#### Problem to solve:
Read the material below and count the lines holding the string "Continuous". Give that count with nothing added.

==== Entries shown ====

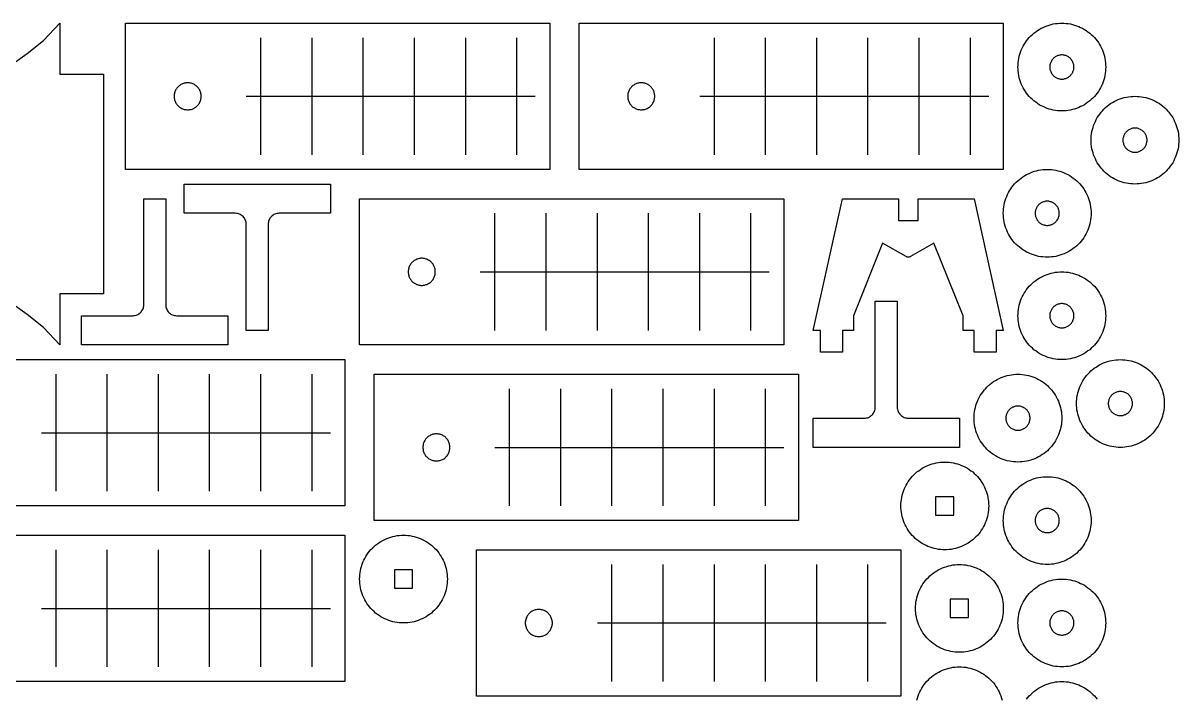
# Model space of a CAD drawing. Header units: millimetres. Extents: x 5 to 513, y 5 to 395.
# Drawn here: x 351 to 509, y 302.6 to 395 of the extents above; entities that cross this region are included whole.
import ezdxf

# ---------------------------------------------------------------- set-up
doc = ezdxf.new("R2010")
doc.units = ezdxf.units.MM
doc.layers.add('CUT', color=1, linetype='Continuous')
doc.layers.add('ENGRAVE', color=5, linetype='Continuous')

msp = doc.modelspace()

# ---------------------------------------------------------------- linework, layer by layer
at = {"layer": 'CUT'}
for points in [[(349.33, 389.25), (351.55, 390.84), (353.78, 392.61), (356, 395), (356, 388), (362, 388), (362, 358), (356, 358), (356, 351), (353.78, 353.39), (351.55, 355.16), (349.33, 356.75)], [(473.18, 302.46), (473.26, 302.74), (473.35, 303.02), (473.46, 303.3), (473.58, 303.57), (473.71, 303.83), (473.85, 304.08), (474.01, 304.33), (474.18, 304.57), (474.36, 304.81), (474.55, 305.03), (474.76, 305.24), (474.97, 305.45), (475.19, 305.64), (475.43, 305.82), (475.67, 305.99), (475.92, 306.15), (476.17, 306.29), (476.43, 306.42), (476.7, 306.54), (476.98, 306.65), (477.26, 306.74), (477.54, 306.82), (477.83, 306.88), (478.12, 306.94), (478.41, 306.97), (478.71, 306.99), (479, 307), (479.29, 306.99), (479.59, 306.97), (479.88, 306.94), (480.17, 306.88), (480.46, 306.82), (480.74, 306.74), (481.02, 306.65), (481.3, 306.54), (481.57, 306.42), (481.83, 306.29), (482.08, 306.15), (482.33, 305.99), (482.57, 305.82), (482.81, 305.64), (483.03, 305.45), (483.24, 305.24), (483.45, 305.03), (483.64, 304.81), (483.82, 304.57), (483.99, 304.33), (484.15, 304.08), (484.29, 303.83), (484.42, 303.57), (484.54, 303.3), (484.65, 303.02), (484.74, 302.74), (484.82, 302.46)], [(488.18, 302.57), (488.36, 302.81), (488.55, 303.03), (488.76, 303.24), (488.97, 303.45), (489.19, 303.64), (489.43, 303.82), (489.67, 303.99), (489.92, 304.15), (490.17, 304.29), (490.43, 304.42), (490.7, 304.54), (490.98, 304.65), (491.26, 304.74), (491.54, 304.82), (491.83, 304.88), (492.12, 304.94), (492.41, 304.97), (492.71, 304.99), (493, 305), (493.29, 304.99), (493.59, 304.97), (493.88, 304.94), (494.17, 304.88), (494.46, 304.82), (494.74, 304.74), (495.02, 304.65), (495.3, 304.54), (495.57, 304.42), (495.83, 304.29), (496.08, 304.15), (496.33, 303.99), (496.57, 303.82), (496.81, 303.64), (497.03, 303.45), (497.24, 303.24), (497.45, 303.03), (497.64, 302.81), (497.82, 302.57)]]:
    msp.add_lwpolyline(points, dxfattribs=at)
for points in [[(365, 375), (365, 395), (423, 395), (423, 375)], [(427, 375), (427, 395), (485, 395), (485, 375)], [(498.99, 388.71), (498.97, 388.41), (498.94, 388.12), (498.88, 387.83), (498.82, 387.54), (498.74, 387.26), (498.65, 386.98), (498.54, 386.7), (498.42, 386.43), (498.29, 386.17), (498.15, 385.92), (497.99, 385.67), (497.82, 385.43), (497.64, 385.19), (497.45, 384.97), (497.24, 384.76), (497.03, 384.55), (496.81, 384.36), (496.57, 384.18), (496.33, 384.01), (496.08, 383.85), (495.83, 383.71), (495.57, 383.58), (495.3, 383.46), (495.02, 383.35), (494.74, 383.26), (494.46, 383.18), (494.17, 383.12), (493.88, 383.06), (493.59, 383.03), (493.29, 383.01), (493, 383), (492.71, 383.01), (492.41, 383.03), (492.12, 383.06), (491.83, 383.12), (491.54, 383.18), (491.26, 383.26), (490.98, 383.35), (490.7, 383.46), (490.43, 383.58), (490.17, 383.71), (489.92, 383.85), (489.67, 384.01), (489.43, 384.18), (489.19, 384.36), (488.97, 384.55), (488.76, 384.76), (488.55, 384.97), (488.36, 385.19), (488.18, 385.43), (488.01, 385.67), (487.85, 385.92), (487.71, 386.17), (487.58, 386.43), (487.46, 386.7), (487.35, 386.98), (487.26, 387.26), (487.18, 387.54), (487.12, 387.83), (487.06, 388.12), (487.03, 388.41), (487.01, 388.71), (487, 389), (487.01, 389.29), (487.03, 389.59), (487.06, 389.88), (487.12, 390.17), (487.18, 390.46), (487.26, 390.74), (487.35, 391.02), (487.46, 391.3), (487.58, 391.57), (487.71, 391.83), (487.85, 392.08), (488.01, 392.33), (488.18, 392.57), (488.36, 392.81), (488.55, 393.03), (488.76, 393.24), (488.97, 393.45), (489.19, 393.64), (489.43, 393.82), (489.67, 393.99), (489.92, 394.15), (490.17, 394.29), (490.43, 394.42), (490.7, 394.54), (490.98, 394.65), (491.26, 394.74), (491.54, 394.82), (491.83, 394.88), (492.12, 394.94), (492.41, 394.97), (492.71, 394.99), (493, 395), (493.29, 394.99), (493.59, 394.97), (493.88, 394.94), (494.17, 394.88), (494.46, 394.82), (494.74, 394.74), (495.02, 394.65), (495.3, 394.54), (495.57, 394.42), (495.83, 394.29), (496.08, 394.15), (496.33, 393.99), (496.57, 393.82), (496.81, 393.64), (497.03, 393.45), (497.24, 393.24), (497.45, 393.03), (497.64, 392.81), (497.82, 392.57), (497.99, 392.33), (498.15, 392.08), (498.29, 391.83), (498.42, 391.57), (498.54, 391.3), (498.65, 391.02), (498.74, 390.74), (498.82, 390.46), (498.88, 390.17), (498.94, 389.88), (498.97, 389.59), (498.99, 389.29), (499, 389)], [(494.65, 389.11), (494.64, 389.22), (494.62, 389.32), (494.59, 389.43), (494.56, 389.53), (494.52, 389.63), (494.48, 389.73), (494.43, 389.82), (494.37, 389.92), (494.31, 390), (494.24, 390.09), (494.17, 390.17), (494.09, 390.24), (494, 390.31), (493.92, 390.37), (493.82, 390.43), (493.73, 390.48), (493.63, 390.52), (493.53, 390.56), (493.43, 390.59), (493.32, 390.62), (493.22, 390.64), (493.11, 390.65), (493, 390.65), (492.89, 390.65), (492.78, 390.64), (492.68, 390.62), (492.57, 390.59), (492.47, 390.56), (492.37, 390.52), (492.27, 390.48), (492.18, 390.43), (492.08, 390.37), (492, 390.31), (491.91, 390.24), (491.83, 390.17), (491.76, 390.09), (491.69, 390), (491.63, 389.92), (491.57, 389.82), (491.52, 389.73), (491.48, 389.63), (491.44, 389.53), (491.41, 389.43), (491.38, 389.32), (491.36, 389.22), (491.35, 389.11), (491.35, 389), (491.35, 388.89), (491.36, 388.78), (491.38, 388.68), (491.41, 388.57), (491.44, 388.47), (491.48, 388.37), (491.52, 388.27), (491.57, 388.18), (491.63, 388.08), (491.69, 388), (491.76, 387.91), (491.83, 387.83), (491.91, 387.76), (492, 387.69), (492.08, 387.63), (492.18, 387.57), (492.27, 387.52), (492.37, 387.48), (492.47, 387.44), (492.57, 387.41), (492.68, 387.38), (492.78, 387.36), (492.89, 387.35), (493, 387.35), (493.11, 387.35), (493.22, 387.36), (493.32, 387.38), (493.43, 387.41), (493.53, 387.44), (493.63, 387.48), (493.73, 387.52), (493.82, 387.57), (493.92, 387.63), (494, 387.69), (494.09, 387.76), (494.17, 387.83), (494.24, 387.91), (494.31, 388), (494.37, 388.08), (494.43, 388.18), (494.48, 388.27), (494.52, 388.37), (494.56, 388.47), (494.59, 388.57), (494.62, 388.68), (494.64, 388.78), (494.65, 388.89), (494.65, 389)], [(375.35, 385.12), (375.33, 385.24), (375.31, 385.36), (375.29, 385.48), (375.25, 385.59), (375.21, 385.71), (375.16, 385.82), (375.1, 385.93), (375.04, 386.03), (374.97, 386.13), (374.89, 386.22), (374.81, 386.31), (374.72, 386.39), (374.63, 386.47), (374.53, 386.54), (374.43, 386.6), (374.32, 386.66), (374.21, 386.71), (374.09, 386.75), (373.98, 386.79), (373.86, 386.81), (373.74, 386.83), (373.62, 386.85), (373.5, 386.85), (373.38, 386.85), (373.26, 386.83), (373.14, 386.81), (373.02, 386.79), (372.91, 386.75), (372.79, 386.71), (372.68, 386.66), (372.57, 386.6), (372.47, 386.54), (372.37, 386.47), (372.28, 386.39), (372.19, 386.31), (372.11, 386.22), (372.03, 386.13), (371.96, 386.03), (371.9, 385.93), (371.84, 385.82), (371.79, 385.71), (371.75, 385.59), (371.71, 385.48), (371.69, 385.36), (371.67, 385.24), (371.65, 385.12), (371.65, 385), (371.65, 384.88), (371.67, 384.76), (371.69, 384.64), (371.71, 384.52), (371.75, 384.41), (371.79, 384.29), (371.84, 384.18), (371.9, 384.07), (371.96, 383.97), (372.03, 383.87), (372.11, 383.78), (372.19, 383.69), (372.28, 383.61), (372.37, 383.53), (372.47, 383.46), (372.57, 383.4), (372.68, 383.34), (372.79, 383.29), (372.91, 383.25), (373.02, 383.21), (373.14, 383.19), (373.26, 383.17), (373.38, 383.15), (373.5, 383.15), (373.62, 383.15), (373.74, 383.17), (373.86, 383.19), (373.98, 383.21), (374.09, 383.25), (374.21, 383.29), (374.32, 383.34), (374.43, 383.4), (374.53, 383.46), (374.63, 383.53), (374.72, 383.61), (374.81, 383.69), (374.89, 383.78), (374.97, 383.87), (375.04, 383.97), (375.1, 384.07), (375.16, 384.18), (375.21, 384.29), (375.25, 384.41), (375.29, 384.52), (375.31, 384.64), (375.33, 384.76), (375.35, 384.88), (375.35, 385)], [(437.35, 385.12), (437.33, 385.24), (437.31, 385.36), (437.29, 385.48), (437.25, 385.59), (437.21, 385.71), (437.16, 385.82), (437.1, 385.93), (437.04, 386.03), (436.97, 386.13), (436.89, 386.22), (436.81, 386.31), (436.72, 386.39), (436.63, 386.47), (436.53, 386.54), (436.43, 386.6), (436.32, 386.66), (436.21, 386.71), (436.09, 386.75), (435.98, 386.79), (435.86, 386.81), (435.74, 386.83), (435.62, 386.85), (435.5, 386.85), (435.38, 386.85), (435.26, 386.83), (435.14, 386.81), (435.02, 386.79), (434.91, 386.75), (434.79, 386.71), (434.68, 386.66), (434.58, 386.6), (434.47, 386.54), (434.37, 386.47), (434.28, 386.39), (434.19, 386.31), (434.11, 386.22), (434.03, 386.13), (433.96, 386.03), (433.9, 385.93), (433.84, 385.82), (433.79, 385.71), (433.75, 385.59), (433.71, 385.48), (433.69, 385.36), (433.67, 385.24), (433.65, 385.12), (433.65, 385), (433.65, 384.88), (433.67, 384.76), (433.69, 384.64), (433.71, 384.52), (433.75, 384.41), (433.79, 384.29), (433.84, 384.18), (433.9, 384.07), (433.96, 383.97), (434.03, 383.87), (434.11, 383.78), (434.19, 383.69), (434.28, 383.61), (434.37, 383.53), (434.47, 383.46), (434.58, 383.4), (434.68, 383.34), (434.79, 383.29), (434.91, 383.25), (435.02, 383.21), (435.14, 383.19), (435.26, 383.17), (435.38, 383.15), (435.5, 383.15), (435.62, 383.15), (435.74, 383.17), (435.86, 383.19), (435.98, 383.21), (436.09, 383.25), (436.21, 383.29), (436.32, 383.34), (436.43, 383.4), (436.53, 383.46), (436.63, 383.53), (436.72, 383.61), (436.81, 383.69), (436.89, 383.78), (436.97, 383.87), (437.04, 383.97), (437.1, 384.07), (437.16, 384.18), (437.21, 384.29), (437.25, 384.41), (437.29, 384.52), (437.31, 384.64), (437.33, 384.76), (437.35, 384.88), (437.35, 385)], [(508.99, 378.71), (508.97, 378.41), (508.94, 378.12), (508.88, 377.83), (508.82, 377.54), (508.74, 377.26), (508.65, 376.98), (508.54, 376.7), (508.42, 376.43), (508.29, 376.17), (508.15, 375.92), (507.99, 375.67), (507.82, 375.43), (507.64, 375.19), (507.45, 374.97), (507.24, 374.76), (507.03, 374.55), (506.81, 374.36), (506.57, 374.18), (506.33, 374.01), (506.08, 373.85), (505.83, 373.71), (505.57, 373.58), (505.3, 373.46), (505.02, 373.35), (504.74, 373.26), (504.46, 373.18), (504.17, 373.12), (503.88, 373.06), (503.59, 373.03), (503.29, 373.01), (503, 373), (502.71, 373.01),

====

#### Task answer:
2